WHAT IS EXPECTED =>
The result should be every line in the data below that carries the string "MATLAB".

Dataset records:

###

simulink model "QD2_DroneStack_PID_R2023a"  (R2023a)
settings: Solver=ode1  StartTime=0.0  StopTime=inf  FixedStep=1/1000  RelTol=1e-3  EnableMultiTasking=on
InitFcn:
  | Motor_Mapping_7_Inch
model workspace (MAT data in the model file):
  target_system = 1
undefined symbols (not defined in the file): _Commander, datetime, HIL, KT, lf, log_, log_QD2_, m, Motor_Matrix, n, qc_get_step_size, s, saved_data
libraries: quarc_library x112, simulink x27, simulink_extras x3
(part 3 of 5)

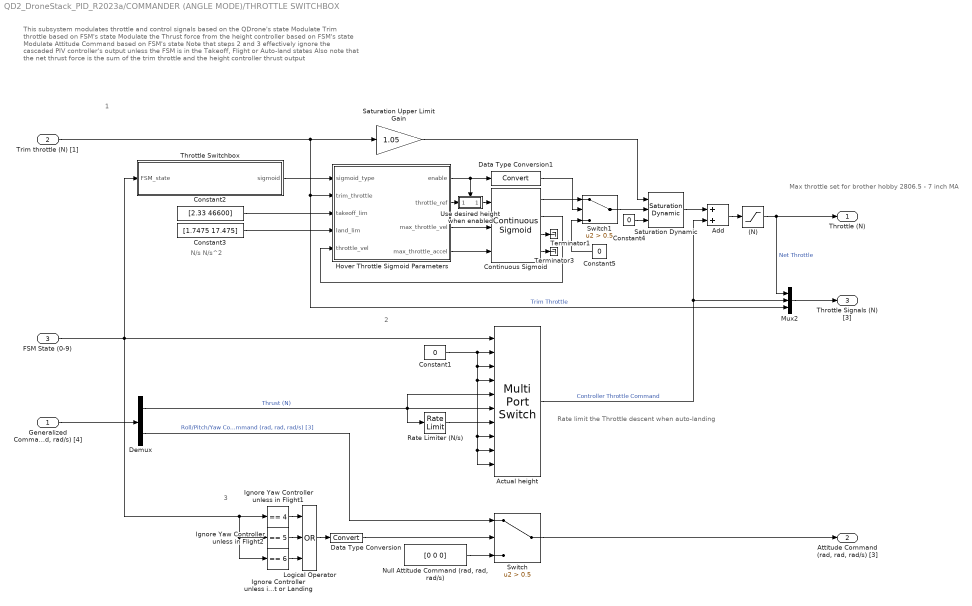
== system QD2_DroneStack_PID_R2023a/COMMANDER (ANGLE MODE)/THROTTLE SWITCHBOX  ==
  note: N/s N/s^2
  note: This subsystem modulates throttle and control signals based on the QDrone's state
      | Modulate Trim throttle based on FSM's state
      | Modulate the Thrust force from the height controller based on FSM's state
      | Modulate Attitude Command based on FSM's state
      |
      | Note that steps 2 and 3 effectively ignore the cascaded PIV controller's output unless the FSM is in the Takeoff, Flight or Auto-land states
      | Also note that the net thrust force is the sum of the trim throttle and the height controller thrust output
  note: Rate limit the Throttle descent when auto-landing
  note: 1
  note: 2
  note: 3
  note: Max throttle set for brother hobby 2806.5 - 7 inch MA
  "Generalized Command (N, rad, rad, rad/s) [4]" : Inport
  Trim throttle (N) [1] : Inport  Port=2
  FSM State (0-9) : Inport  Port=3
  (N) : Saturate  UpperLimit=58  LowerLimit=0
  Actual height : MultiPortSwitch  Inputs=9  SaturateOnIntegerOverflow=off  InputSameDT=off
  Add : Sum
  Constant1 : Constant  Value=0
  Constant2 : Constant  Value=[2.33 46600]
  Constant3 : Constant  Value=[1.7475 17.475]
  Constant4 : Constant  Value=0
  Constant5 : Constant  Value=0
  Continuous Sigmoid : quarc_library/Sources/Sigmoids/Continuous Sigmoid  params_source=External (input ports)  max_velocity=2  max_acceleration=10  initial_position=0  initial_velocity=0  hold_off=0.5  input_sample_time=-1  output_sample_time=qc_get_step_size
      settings: SourceProductName=QUARC Targets
  Data Type Conversion : DataTypeConversion  SaturateOnIntegerOverflow=off  RndMeth=Floor
  Data Type Conversion1 : DataTypeConversion  SaturateOnIntegerOverflow=off  RndMeth=Floor
  Demux : Demux  Outputs=[1 3]
  Hover Throttle Sigmoid Parameters : MATLAB Function  TreatAsAtomicUnit=on
  "Ignore Controller unless in Takeoff, Flight or Landing" : simulink/Logic and Bit Operations/Compare To Constant  relop===  const=6  OutDataTypeStr=boolean
  Ignore Yaw Controller unless in Flight1 : simulink/Logic and Bit Operations/Compare To Constant  relop===  const=4  OutDataTypeStr=boolean
  Ignore Yaw Controller unless in Flight2 : simulink/Logic and Bit Operations/Compare To Constant  relop===  const=5  OutDataTypeStr=boolean
  Logical Operator : Logic  Operator=OR  Inputs=3  AllPortsSameDT=off  OutDataTypeStr=boolean
  Mux2 : Mux  Inputs=3
  "Null Attitude Command (rad, rad, rad/s)" : Constant  Value=[0 0 0]
  Rate Limiter (N/s) : RateLimiter  RisingSlewLimit=100  FallingSlewLimit=-100  SampleTimeMode=inherited
  Saturation Dynamic : simulink/Discontinuities/Saturation Dynamic  OutMin=[]  OutMax=[]  OutDataTypeStr=Inherit: Same as second input  OutDataType=fixdt(1, 16)  OutScaling=2^-10  DoSatur=off
  Saturation Upper Limit Gain : Gain  Gain=1.05
  Switch : Switch  Criteria=u2 > Threshold  Threshold=0.5  SaturateOnIntegerOverflow=off  InputSameDT=off
  Switch1 : Switch  Criteria=u2 > Threshold  Threshold=0.5  SaturateOnIntegerOverflow=off  InputSameDT=off
  Terminator1 : Terminator
  Terminator3 : Terminator
  Throttle Switchbox : MATLAB Function  TreatAsAtomicUnit=on
  Use desired height when enabled : Subsystem  TreatAsAtomicUnit=on
  Throttle (N) : Outport  VectorParamsAs1DForOutWhenUnconnected=off
  "Attitude Command (rad, rad, rad/s) [3]" : Outport  Port=2  VectorParamsAs1DForOutWhenUnconnected=off
  Throttle Signals (N) [3] : Outport  Port=3  VectorParamsAs1DForOutWhenUnconnected=off
  wires:
  Rate Limiter (N/s)/1 -> Actual height/7
  Constant1/1 -> Actual height/2, Actual height/3, Actual height/4, Actual height/9, Actual height/10, Actual height/8
  Switch/1 -> "Attitude Command (rad, rad, rad/s) [3]"/1
  Constant5/1 -> Switch1/3
  Hover Throttle Sigmoid Parameters/2(throttle_ref) -> Use desired height when enabled/1(h_d (m) [1])
  Use desired height when enabled/1(Out1) -> Continuous Sigmoid/1
  Continuous Sigmoid/3 -> Terminator1/1
  Hover Throttle Sigmoid Parameters/1(enable) -> Use desired height when enabled/Enable, Data Type Conversion1/1
  Data Type Conversion1/1 -> Switch1/2
  Hover Throttle Sigmoid Parameters/3(max_throttle_vel) -> Continuous Sigmoid/2
  Continuous Sigmoid/4 -> Terminator3/1
  Continuous Sigmoid/1 -> Switch1/1
  Hover Throttle Sigmoid Parameters/4(max_throttle_accel) -> Continuous Sigmoid/3
  Constant2/1 -> Hover Throttle Sigmoid Parameters/3(takeoff_lim)
  Saturation Upper Limit Gain/1 -> Saturation Dynamic/1
  Throttle Switchbox/1(sigmoid) -> Hover Throttle Sigmoid Parameters/1(sigmoid_type)
  Trim throttle (N) [1]/1 -> Saturation Upper Limit Gain/1, Hover Throttle Sigmoid Parameters/2(trim_throttle), Mux2/3  "Trim Throttle"
  Switch1/1 -> Saturation Dynamic/2
  Constant3/1 -> Hover Throttle Sigmoid Parameters/4(land_lim)
  Saturation Dynamic/1 -> Add/1
  Constant4/1 -> Saturation Dynamic/3
  Continuous Sigmoid/2 -> Hover Throttle Sigmoid Parameters/5(throttle_vel)
  Demux/1 -> Actual height/5, Rate Limiter (N/s)/1, Actual height/6  "Thrust (N)"
  Logical Operator/1 -> Data Type Conversion/1
  "Ignore Controller unless in Takeoff, Flight or Landing"/1 -> Logical Operator/3
  FSM State (0-9)/1 -> Throttle Switchbox/1(FSM_state), Ignore Yaw Controller unless in Flight1/1, Ignore Yaw Controller unless in Flight2/1, "Ignore Controller unless in Takeoff, Flight or Landing"/1, Actual height/1
  Demux/2 -> Switch/1  "Roll/Pitch/Yaw Command (rad, rad, rad/s) [3]"
  Ignore Yaw Controller unless in Flight1/1 -> Logical Operator/1
  "Null Attitude Command (rad, rad, rad/s)"/1 -> Switch/3
  Data Type Conversion/1 -> Switch/2
  Ignore Yaw Controller unless in Flight2/1 -> Logical Operator/2
  Mux2/1 -> Throttle Signals (N) [3]/1
  "Generalized Command (N, rad, rad, rad/s) [4]"/1 -> Demux/1
  (N)/1 -> Throttle (N)/1, Mux2/1  "Net Throttle"
  Add/1 -> (N)/1
  Actual height/1 -> Add/2, Mux2/2  "Controller Throttle Command"

== system QD2_DroneStack_PID_R2023a/Communication/Detect Communication Loss ==
  note: Stream Loss: Check if the state is 2 and error is positive (error codes are negative). Otherwise issue a communication error.
      | OR
      | Data Loss: Check if the data is stale for a while (this is required because a connected stream may publish no new data). If stale, issue a communication error.
  State : Inport
  Error : Inport  Port=2
  Data Out : Inport  Port=3
  Clock1 : Clock
  Communication Loss : Scope  NumInputPorts=2
  Data Type Conversion4 : DataTypeConversion  SaturateOnIntegerOverflow=off  RndMeth=Floor
  Grab mission server time to detect flat lines : Selector  InputPortWidth=14  IndexOptions=Index vector (dialog)  Indices=[14]  OutputSizes=1
  Logical Operator4 : Logic  Operator=OR  AllPortsSameDT=off  OutDataTypeStr=boolean
  MATLAB Function : MATLAB Function  TreatAsAtomicUnit=on
  Terminator3 : Terminator
  Terminator5 : Terminator
  Threshold1 : quarc_library/Discontinuities/Threshold  operator=>=  param_src=Specify via dialog  threshold=0.5  duration=0.1
      settings: SourceProductName=QUARC Targets
  Threshold2 : quarc_library/Discontinuities/Threshold  operator=>=  param_src=Specify via dialog  threshold=0.5  duration=0.5
      settings: SourceProductName=QUARC Targets
  Communication Issue : Outport  VectorParamsAs1DForOutWhenUnconnected=off
  wires:
  Threshold2/1 -> Communication Loss/2, Logical Operator4/2
  Logical Operator4/1 -> Data Type Conversion4/1
  Threshold1/2 -> Terminator3/1
  MATLAB Function/2(data_loss) -> Threshold2/1
  MATLAB Function/1(stream_connection_loss) -> Threshold1/1
  Clock1/1 -> MATLAB Function/1(time)
  Threshold2/2 -> Terminator5/1
  Threshold1/1 -> Communication Loss/1, Logical Operator4/1
  Grab mission server time to detect flat lines/1 -> MATLAB Function/4(ms_time)
  Data Out/1 -> Grab mission server time to detect flat lines/1
  State/1 -> MATLAB Function/2(state)
  Error/1 -> MATLAB Function/3(error)
  Data Type Conversion4/1 -> Communication Issue/1

== system QD2_DroneStack_PID_R2023a/Communication/Triggered Subsystem ==
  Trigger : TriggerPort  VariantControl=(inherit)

###

TASK SOLUTION =>
  Hover Throttle Sigmoid Parameters : MATLAB Function  TreatAsAtomicUnit=on
  Throttle Switchbox : MATLAB Function  TreatAsAtomicUnit=on
  MATLAB Function : MATLAB Function  TreatAsAtomicUnit=on
  MATLAB Function/2(data_loss) -> Threshold2/1
  MATLAB Function/1(stream_connection_loss) -> Threshold1/1
  Clock1/1 -> MATLAB Function/1(time)
  Grab mission server time to detect flat lines/1 -> MATLAB Function/4(ms_time)
  State/1 -> MATLAB Function/2(state)
  Error/1 -> MATLAB Function/3(error)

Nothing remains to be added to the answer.